## [DATA FOR THE TASK]
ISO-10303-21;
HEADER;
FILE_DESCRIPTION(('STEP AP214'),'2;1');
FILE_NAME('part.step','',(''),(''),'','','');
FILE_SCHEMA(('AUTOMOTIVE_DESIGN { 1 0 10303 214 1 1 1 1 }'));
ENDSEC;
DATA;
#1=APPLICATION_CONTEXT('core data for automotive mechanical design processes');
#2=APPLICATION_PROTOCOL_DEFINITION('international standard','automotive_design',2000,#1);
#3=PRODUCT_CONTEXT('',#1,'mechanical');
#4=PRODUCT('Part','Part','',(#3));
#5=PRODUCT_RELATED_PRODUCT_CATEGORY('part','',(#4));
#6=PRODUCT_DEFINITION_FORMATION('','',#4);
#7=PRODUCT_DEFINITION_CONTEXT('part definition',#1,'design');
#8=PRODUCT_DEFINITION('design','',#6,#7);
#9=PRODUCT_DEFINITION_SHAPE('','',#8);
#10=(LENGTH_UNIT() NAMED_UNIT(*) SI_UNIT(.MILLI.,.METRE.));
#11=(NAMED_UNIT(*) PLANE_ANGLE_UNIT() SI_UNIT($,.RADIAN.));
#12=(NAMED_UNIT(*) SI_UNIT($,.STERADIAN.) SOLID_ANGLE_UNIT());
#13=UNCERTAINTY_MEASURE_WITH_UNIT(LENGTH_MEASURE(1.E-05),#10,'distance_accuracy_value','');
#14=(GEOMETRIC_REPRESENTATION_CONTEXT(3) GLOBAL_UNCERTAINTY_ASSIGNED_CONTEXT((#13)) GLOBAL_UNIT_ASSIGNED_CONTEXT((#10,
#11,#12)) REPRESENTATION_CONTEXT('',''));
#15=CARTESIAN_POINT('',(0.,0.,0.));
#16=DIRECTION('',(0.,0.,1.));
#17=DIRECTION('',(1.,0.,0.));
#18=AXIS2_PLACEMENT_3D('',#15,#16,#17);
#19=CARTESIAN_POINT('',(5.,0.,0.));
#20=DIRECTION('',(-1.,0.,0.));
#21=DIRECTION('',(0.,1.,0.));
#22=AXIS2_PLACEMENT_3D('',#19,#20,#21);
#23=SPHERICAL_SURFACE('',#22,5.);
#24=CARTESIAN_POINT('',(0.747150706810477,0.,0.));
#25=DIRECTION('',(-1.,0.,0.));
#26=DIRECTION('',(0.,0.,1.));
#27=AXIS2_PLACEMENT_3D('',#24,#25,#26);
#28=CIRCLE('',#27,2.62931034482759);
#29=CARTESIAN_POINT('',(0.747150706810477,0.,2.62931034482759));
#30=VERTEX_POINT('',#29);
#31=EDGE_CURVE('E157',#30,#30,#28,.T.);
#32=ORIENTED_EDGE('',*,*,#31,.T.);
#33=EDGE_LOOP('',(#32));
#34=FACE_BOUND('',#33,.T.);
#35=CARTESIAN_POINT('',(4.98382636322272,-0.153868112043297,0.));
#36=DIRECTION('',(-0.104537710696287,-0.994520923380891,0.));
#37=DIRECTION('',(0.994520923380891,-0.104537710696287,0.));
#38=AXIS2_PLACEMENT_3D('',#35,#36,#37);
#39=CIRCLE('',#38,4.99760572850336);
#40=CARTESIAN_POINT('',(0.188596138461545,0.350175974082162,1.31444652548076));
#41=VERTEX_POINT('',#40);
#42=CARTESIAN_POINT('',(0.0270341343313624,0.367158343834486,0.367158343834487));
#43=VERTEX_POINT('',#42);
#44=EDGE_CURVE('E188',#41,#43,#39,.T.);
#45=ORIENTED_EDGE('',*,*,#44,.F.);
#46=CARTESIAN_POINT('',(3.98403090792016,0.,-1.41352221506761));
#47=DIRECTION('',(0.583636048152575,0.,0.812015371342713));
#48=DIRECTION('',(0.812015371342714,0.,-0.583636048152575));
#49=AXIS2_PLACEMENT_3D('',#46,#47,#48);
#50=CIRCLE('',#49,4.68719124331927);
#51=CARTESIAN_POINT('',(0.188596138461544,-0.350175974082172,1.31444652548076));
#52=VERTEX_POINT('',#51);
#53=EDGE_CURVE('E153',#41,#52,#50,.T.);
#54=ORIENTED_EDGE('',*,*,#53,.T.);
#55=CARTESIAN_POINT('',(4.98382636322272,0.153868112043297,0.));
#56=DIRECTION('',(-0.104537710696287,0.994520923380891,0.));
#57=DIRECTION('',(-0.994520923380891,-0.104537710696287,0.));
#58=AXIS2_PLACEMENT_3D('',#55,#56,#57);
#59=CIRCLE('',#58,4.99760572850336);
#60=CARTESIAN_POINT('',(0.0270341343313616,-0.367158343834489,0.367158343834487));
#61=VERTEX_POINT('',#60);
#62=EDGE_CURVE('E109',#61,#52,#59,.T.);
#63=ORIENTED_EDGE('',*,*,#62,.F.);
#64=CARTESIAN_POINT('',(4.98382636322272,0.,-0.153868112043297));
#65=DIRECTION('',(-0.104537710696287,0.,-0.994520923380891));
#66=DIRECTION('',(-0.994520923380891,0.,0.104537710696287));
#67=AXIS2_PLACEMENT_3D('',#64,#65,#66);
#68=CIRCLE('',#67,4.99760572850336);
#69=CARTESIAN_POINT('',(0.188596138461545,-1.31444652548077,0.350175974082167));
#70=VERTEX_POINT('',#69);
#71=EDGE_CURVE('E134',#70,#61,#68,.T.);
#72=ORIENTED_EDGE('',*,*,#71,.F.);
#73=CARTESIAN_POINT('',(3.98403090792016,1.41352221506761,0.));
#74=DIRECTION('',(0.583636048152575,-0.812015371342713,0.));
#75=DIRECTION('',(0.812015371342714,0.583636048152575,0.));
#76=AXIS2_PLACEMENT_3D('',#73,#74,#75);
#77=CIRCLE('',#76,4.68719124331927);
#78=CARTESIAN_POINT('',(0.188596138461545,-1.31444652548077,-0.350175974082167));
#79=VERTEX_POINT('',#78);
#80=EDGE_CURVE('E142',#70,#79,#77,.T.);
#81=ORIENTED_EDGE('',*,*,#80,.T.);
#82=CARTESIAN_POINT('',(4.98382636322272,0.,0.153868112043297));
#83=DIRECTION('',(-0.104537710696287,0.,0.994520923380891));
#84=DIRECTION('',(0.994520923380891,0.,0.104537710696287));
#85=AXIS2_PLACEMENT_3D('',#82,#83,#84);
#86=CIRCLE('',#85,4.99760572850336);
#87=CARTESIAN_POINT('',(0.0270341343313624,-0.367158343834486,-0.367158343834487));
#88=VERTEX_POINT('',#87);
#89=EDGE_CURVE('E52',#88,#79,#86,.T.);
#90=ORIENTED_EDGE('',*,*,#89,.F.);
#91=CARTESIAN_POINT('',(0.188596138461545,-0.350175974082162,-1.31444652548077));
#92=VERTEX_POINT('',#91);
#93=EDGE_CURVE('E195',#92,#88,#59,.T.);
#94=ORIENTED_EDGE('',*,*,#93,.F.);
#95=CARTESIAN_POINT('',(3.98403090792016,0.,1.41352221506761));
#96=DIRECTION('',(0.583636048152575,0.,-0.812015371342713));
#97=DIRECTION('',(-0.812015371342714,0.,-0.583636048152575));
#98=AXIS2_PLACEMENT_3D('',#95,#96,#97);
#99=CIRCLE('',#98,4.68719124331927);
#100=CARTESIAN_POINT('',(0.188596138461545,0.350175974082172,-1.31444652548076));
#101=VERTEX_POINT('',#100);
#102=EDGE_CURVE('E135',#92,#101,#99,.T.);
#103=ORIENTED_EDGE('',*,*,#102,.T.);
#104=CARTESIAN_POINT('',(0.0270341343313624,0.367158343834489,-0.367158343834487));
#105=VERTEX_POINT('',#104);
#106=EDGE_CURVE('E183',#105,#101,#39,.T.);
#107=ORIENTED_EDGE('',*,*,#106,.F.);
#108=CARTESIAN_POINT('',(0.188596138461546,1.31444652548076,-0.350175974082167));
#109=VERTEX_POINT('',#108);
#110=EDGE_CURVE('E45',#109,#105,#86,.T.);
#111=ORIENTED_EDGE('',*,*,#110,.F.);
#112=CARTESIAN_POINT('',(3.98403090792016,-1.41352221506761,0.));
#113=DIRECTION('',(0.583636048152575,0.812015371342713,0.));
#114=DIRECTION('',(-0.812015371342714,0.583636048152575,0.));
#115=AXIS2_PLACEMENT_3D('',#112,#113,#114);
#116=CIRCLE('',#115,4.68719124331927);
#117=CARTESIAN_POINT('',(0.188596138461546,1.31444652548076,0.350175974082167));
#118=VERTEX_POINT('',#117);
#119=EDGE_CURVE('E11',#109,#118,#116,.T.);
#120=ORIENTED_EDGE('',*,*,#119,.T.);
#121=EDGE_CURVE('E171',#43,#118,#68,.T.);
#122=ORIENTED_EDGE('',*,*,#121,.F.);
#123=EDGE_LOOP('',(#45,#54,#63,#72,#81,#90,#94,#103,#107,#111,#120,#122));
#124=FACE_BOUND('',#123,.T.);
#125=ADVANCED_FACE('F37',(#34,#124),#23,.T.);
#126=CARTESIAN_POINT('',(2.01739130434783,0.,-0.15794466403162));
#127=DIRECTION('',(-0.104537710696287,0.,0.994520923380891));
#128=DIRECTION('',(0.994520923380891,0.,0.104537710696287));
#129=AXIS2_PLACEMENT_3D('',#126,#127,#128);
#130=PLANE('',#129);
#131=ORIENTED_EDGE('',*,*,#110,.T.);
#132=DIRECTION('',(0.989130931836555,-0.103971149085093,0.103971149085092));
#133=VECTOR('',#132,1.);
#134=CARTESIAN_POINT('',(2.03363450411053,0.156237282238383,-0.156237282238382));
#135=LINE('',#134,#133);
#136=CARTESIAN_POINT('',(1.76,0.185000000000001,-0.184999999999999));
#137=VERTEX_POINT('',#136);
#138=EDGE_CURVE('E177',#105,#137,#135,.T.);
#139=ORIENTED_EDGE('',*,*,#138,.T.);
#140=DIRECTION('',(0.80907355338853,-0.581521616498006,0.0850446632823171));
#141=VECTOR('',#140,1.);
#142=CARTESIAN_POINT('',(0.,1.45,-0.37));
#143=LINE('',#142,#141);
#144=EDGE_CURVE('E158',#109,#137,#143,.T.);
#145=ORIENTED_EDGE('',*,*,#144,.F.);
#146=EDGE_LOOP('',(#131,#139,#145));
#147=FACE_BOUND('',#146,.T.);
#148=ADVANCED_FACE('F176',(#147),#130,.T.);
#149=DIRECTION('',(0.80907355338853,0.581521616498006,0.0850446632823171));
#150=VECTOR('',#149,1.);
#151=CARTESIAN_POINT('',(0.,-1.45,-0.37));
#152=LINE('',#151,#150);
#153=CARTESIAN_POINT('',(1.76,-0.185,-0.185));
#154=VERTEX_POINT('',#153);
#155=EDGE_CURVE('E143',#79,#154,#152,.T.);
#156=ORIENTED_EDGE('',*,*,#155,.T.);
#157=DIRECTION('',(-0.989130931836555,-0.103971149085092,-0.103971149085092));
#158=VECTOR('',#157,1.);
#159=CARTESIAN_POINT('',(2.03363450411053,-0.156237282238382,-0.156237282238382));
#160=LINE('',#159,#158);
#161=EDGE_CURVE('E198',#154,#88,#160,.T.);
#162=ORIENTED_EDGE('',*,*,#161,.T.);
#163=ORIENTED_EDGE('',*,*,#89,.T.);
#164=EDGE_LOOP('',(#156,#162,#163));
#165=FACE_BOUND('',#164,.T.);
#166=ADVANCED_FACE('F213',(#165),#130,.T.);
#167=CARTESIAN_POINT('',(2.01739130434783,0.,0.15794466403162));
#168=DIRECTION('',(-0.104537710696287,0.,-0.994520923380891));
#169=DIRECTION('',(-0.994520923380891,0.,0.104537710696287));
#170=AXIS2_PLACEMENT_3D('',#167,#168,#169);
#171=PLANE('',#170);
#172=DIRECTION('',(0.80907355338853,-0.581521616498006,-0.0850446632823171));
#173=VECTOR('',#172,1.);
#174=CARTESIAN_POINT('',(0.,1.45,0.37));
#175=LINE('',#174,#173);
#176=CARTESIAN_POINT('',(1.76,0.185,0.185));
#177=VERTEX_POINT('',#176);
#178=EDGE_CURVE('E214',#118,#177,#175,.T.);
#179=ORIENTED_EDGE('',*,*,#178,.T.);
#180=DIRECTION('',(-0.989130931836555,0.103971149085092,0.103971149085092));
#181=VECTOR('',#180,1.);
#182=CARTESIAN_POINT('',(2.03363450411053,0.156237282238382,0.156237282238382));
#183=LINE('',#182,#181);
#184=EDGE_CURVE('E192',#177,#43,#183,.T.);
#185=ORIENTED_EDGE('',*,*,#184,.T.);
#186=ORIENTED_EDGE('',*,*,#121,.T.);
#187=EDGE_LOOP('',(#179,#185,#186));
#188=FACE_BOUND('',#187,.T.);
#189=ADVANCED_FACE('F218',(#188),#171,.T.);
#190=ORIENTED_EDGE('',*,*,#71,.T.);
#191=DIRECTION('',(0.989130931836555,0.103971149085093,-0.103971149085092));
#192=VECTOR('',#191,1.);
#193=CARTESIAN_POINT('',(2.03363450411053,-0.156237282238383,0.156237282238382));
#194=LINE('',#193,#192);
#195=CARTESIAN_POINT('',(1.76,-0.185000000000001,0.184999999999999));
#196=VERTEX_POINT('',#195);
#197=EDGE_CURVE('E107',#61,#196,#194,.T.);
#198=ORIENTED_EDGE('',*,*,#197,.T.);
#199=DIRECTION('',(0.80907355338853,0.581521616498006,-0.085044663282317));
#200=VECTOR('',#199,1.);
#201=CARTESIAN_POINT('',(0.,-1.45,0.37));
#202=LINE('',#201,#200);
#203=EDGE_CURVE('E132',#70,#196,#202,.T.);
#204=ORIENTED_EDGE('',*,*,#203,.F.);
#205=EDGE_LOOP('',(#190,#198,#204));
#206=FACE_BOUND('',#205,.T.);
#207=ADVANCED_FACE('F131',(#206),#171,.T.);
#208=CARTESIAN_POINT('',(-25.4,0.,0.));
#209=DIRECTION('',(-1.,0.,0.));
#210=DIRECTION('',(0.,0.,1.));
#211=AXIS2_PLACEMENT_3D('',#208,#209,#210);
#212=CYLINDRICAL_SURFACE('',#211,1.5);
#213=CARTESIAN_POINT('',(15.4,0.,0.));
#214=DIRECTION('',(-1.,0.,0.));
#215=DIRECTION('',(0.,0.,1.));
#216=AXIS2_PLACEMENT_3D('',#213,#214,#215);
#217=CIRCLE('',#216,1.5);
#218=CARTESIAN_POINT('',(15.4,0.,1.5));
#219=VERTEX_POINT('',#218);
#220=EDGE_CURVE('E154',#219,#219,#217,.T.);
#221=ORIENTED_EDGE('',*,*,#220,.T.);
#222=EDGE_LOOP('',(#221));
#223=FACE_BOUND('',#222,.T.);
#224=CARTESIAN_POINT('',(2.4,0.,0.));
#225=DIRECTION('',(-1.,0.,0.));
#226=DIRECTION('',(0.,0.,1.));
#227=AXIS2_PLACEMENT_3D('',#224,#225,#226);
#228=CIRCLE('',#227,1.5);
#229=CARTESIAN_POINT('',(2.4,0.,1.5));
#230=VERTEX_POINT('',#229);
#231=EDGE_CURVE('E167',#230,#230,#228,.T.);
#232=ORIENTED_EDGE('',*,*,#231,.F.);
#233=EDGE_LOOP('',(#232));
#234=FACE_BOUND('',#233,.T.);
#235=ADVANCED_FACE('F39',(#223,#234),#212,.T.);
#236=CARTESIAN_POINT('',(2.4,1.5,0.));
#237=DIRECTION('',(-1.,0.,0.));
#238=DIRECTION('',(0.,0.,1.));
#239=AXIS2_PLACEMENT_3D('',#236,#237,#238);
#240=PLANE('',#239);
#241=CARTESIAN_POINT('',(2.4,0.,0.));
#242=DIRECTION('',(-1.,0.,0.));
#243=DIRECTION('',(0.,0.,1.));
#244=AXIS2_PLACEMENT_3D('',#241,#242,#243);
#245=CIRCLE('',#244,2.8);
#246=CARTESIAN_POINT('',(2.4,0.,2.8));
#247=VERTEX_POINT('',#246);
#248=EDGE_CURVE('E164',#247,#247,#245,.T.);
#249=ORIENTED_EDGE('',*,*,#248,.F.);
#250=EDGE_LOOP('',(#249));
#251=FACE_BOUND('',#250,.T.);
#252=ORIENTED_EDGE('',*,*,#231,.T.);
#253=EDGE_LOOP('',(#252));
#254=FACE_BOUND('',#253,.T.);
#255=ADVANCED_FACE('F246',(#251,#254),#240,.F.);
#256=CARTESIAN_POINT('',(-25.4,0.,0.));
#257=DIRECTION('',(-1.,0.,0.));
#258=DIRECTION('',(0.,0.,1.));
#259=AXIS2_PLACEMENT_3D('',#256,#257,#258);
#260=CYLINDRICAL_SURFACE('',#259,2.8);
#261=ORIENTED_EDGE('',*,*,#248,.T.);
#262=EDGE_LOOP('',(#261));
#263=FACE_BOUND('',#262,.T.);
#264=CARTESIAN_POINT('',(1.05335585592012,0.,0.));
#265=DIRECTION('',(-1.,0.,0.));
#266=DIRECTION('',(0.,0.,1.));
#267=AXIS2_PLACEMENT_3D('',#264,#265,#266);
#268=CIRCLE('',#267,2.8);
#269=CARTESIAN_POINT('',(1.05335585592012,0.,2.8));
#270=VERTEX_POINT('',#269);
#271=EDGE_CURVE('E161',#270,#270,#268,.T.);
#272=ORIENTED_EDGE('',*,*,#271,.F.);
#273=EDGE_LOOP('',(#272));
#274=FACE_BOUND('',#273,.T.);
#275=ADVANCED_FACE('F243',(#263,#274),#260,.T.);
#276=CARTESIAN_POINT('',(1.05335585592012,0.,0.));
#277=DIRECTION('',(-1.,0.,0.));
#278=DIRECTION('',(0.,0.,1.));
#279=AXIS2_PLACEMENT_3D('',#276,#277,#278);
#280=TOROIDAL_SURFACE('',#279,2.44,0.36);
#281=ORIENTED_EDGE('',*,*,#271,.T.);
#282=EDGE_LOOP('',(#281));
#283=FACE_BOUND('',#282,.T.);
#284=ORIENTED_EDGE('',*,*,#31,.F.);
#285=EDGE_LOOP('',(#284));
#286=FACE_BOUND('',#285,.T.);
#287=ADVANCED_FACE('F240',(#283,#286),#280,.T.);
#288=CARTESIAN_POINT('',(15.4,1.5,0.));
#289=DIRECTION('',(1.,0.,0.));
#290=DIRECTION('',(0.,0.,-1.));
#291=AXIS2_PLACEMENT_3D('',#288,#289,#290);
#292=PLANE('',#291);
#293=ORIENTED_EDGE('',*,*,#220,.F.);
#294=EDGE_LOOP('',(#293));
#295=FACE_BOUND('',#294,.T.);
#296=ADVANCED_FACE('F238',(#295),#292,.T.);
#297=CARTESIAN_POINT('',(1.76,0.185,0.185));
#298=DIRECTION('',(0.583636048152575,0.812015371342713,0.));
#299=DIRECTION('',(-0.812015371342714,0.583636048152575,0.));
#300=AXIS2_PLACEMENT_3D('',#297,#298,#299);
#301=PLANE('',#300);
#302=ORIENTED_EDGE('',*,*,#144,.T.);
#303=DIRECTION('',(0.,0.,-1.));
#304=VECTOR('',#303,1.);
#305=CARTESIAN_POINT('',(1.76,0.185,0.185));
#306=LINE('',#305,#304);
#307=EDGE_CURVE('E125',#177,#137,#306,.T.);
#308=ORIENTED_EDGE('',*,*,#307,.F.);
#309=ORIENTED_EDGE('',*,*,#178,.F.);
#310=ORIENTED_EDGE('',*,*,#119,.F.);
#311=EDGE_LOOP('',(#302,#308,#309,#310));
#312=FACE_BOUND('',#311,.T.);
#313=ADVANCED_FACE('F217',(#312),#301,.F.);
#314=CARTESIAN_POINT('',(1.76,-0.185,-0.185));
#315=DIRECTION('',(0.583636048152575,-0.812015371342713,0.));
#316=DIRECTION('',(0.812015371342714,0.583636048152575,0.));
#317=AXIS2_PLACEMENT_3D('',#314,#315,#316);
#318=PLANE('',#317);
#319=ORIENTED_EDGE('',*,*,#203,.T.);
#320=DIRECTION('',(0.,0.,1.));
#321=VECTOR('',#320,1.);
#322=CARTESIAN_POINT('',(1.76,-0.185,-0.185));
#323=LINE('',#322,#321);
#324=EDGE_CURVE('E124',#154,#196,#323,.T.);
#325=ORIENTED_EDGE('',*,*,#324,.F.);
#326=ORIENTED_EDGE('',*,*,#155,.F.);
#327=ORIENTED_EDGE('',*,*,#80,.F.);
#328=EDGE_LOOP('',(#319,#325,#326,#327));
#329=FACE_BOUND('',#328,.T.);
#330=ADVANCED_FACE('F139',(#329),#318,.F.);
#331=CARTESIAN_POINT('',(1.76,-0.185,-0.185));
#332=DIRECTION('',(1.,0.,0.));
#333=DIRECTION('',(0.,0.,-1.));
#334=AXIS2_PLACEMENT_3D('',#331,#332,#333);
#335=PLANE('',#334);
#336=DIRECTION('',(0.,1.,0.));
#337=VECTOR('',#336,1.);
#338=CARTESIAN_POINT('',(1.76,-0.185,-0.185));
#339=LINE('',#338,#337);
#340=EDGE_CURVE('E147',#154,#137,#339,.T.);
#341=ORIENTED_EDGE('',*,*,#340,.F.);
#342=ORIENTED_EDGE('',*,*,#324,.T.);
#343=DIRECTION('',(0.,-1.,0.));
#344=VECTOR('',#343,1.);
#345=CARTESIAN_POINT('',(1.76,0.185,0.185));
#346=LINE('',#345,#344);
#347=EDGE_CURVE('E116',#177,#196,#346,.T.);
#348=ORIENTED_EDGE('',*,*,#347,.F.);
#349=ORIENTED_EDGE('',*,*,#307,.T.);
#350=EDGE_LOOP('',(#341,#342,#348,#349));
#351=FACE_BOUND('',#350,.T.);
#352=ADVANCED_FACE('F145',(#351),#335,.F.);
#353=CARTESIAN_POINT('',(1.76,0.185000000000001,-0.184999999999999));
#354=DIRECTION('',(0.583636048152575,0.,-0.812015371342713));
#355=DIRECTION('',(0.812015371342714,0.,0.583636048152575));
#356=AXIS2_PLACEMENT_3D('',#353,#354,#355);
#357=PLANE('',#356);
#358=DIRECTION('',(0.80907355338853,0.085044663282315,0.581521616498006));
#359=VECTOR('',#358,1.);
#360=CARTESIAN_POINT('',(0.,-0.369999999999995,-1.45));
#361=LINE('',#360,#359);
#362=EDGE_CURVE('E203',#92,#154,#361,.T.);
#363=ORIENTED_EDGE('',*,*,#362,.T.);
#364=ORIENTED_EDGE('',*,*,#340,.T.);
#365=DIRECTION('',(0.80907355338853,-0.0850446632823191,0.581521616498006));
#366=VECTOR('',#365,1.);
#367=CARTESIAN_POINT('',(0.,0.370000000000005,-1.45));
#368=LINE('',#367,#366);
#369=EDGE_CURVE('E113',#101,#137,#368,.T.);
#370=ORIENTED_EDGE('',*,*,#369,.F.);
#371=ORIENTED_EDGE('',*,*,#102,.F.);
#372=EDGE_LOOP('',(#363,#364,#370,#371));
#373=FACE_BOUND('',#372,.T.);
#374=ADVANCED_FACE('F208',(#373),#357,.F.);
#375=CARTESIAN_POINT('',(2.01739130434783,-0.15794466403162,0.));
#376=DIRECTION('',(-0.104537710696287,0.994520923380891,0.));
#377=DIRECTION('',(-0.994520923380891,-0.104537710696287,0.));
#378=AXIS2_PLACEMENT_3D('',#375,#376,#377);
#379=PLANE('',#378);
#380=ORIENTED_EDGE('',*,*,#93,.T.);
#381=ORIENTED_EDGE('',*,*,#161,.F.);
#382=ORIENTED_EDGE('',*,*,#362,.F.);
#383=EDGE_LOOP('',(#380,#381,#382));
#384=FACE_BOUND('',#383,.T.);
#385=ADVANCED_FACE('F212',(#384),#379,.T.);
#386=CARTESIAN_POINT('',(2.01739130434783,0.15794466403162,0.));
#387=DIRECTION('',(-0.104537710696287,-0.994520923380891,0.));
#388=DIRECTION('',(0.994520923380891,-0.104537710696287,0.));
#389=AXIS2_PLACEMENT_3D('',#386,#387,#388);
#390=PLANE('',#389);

## [ASSIGNMENT]
Set down verbatim only the lines between the start of the data above and the line with "#26=DIRECTION('',(0.,0.,1.));", both boundaries included.

## [RESULT OF THIS EXERCISE]
ISO-10303-21;
HEADER;
FILE_DESCRIPTION(('STEP AP214'),'2;1');
FILE_NAME('part.step','',(''),(''),'','','');
FILE_SCHEMA(('AUTOMOTIVE_DESIGN { 1 0 10303 214 1 1 1 1 }'));
ENDSEC;
DATA;
#1=APPLICATION_CONTEXT('core data for automotive mechanical design processes');
#2=APPLICATION_PROTOCOL_DEFINITION('international standard','automotive_design',2000,#1);
#3=PRODUCT_CONTEXT('',#1,'mechanical');
#4=PRODUCT('Part','Part','',(#3));
#5=PRODUCT_RELATED_PRODUCT_CATEGORY('part','',(#4));
#6=PRODUCT_DEFINITION_FORMATION('','',#4);
#7=PRODUCT_DEFINITION_CONTEXT('part definition',#1,'design');
#8=PRODUCT_DEFINITION('design','',#6,#7);
#9=PRODUCT_DEFINITION_SHAPE('','',#8);
#10=(LENGTH_UNIT() NAMED_UNIT(*) SI_UNIT(.MILLI.,.METRE.));
#11=(NAMED_UNIT(*) PLANE_ANGLE_UNIT() SI_UNIT($,.RADIAN.));
#12=(NAMED_UNIT(*) SI_UNIT($,.STERADIAN.) SOLID_ANGLE_UNIT());
#13=UNCERTAINTY_MEASURE_WITH_UNIT(LENGTH_MEASURE(1.E-05),#10,'distance_accuracy_value','');
#14=(GEOMETRIC_REPRESENTATION_CONTEXT(3) GLOBAL_UNCERTAINTY_ASSIGNED_CONTEXT((#13)) GLOBAL_UNIT_ASSIGNED_CONTEXT((#10,
#11,#12)) REPRESENTATION_CONTEXT('',''));
#15=CARTESIAN_POINT('',(0.,0.,0.));
#16=DIRECTION('',(0.,0.,1.));
#17=DIRECTION('',(1.,0.,0.));
#18=AXIS2_PLACEMENT_3D('',#15,#16,#17);
#19=CARTESIAN_POINT('',(5.,0.,0.));
#20=DIRECTION('',(-1.,0.,0.));
#21=DIRECTION('',(0.,1.,0.));
#22=AXIS2_PLACEMENT_3D('',#19,#20,#21);
#23=SPHERICAL_SURFACE('',#22,5.);
#24=CARTESIAN_POINT('',(0.747150706810477,0.,0.));
#25=DIRECTION('',(-1.,0.,0.));
#26=DIRECTION('',(0.,0.,1.));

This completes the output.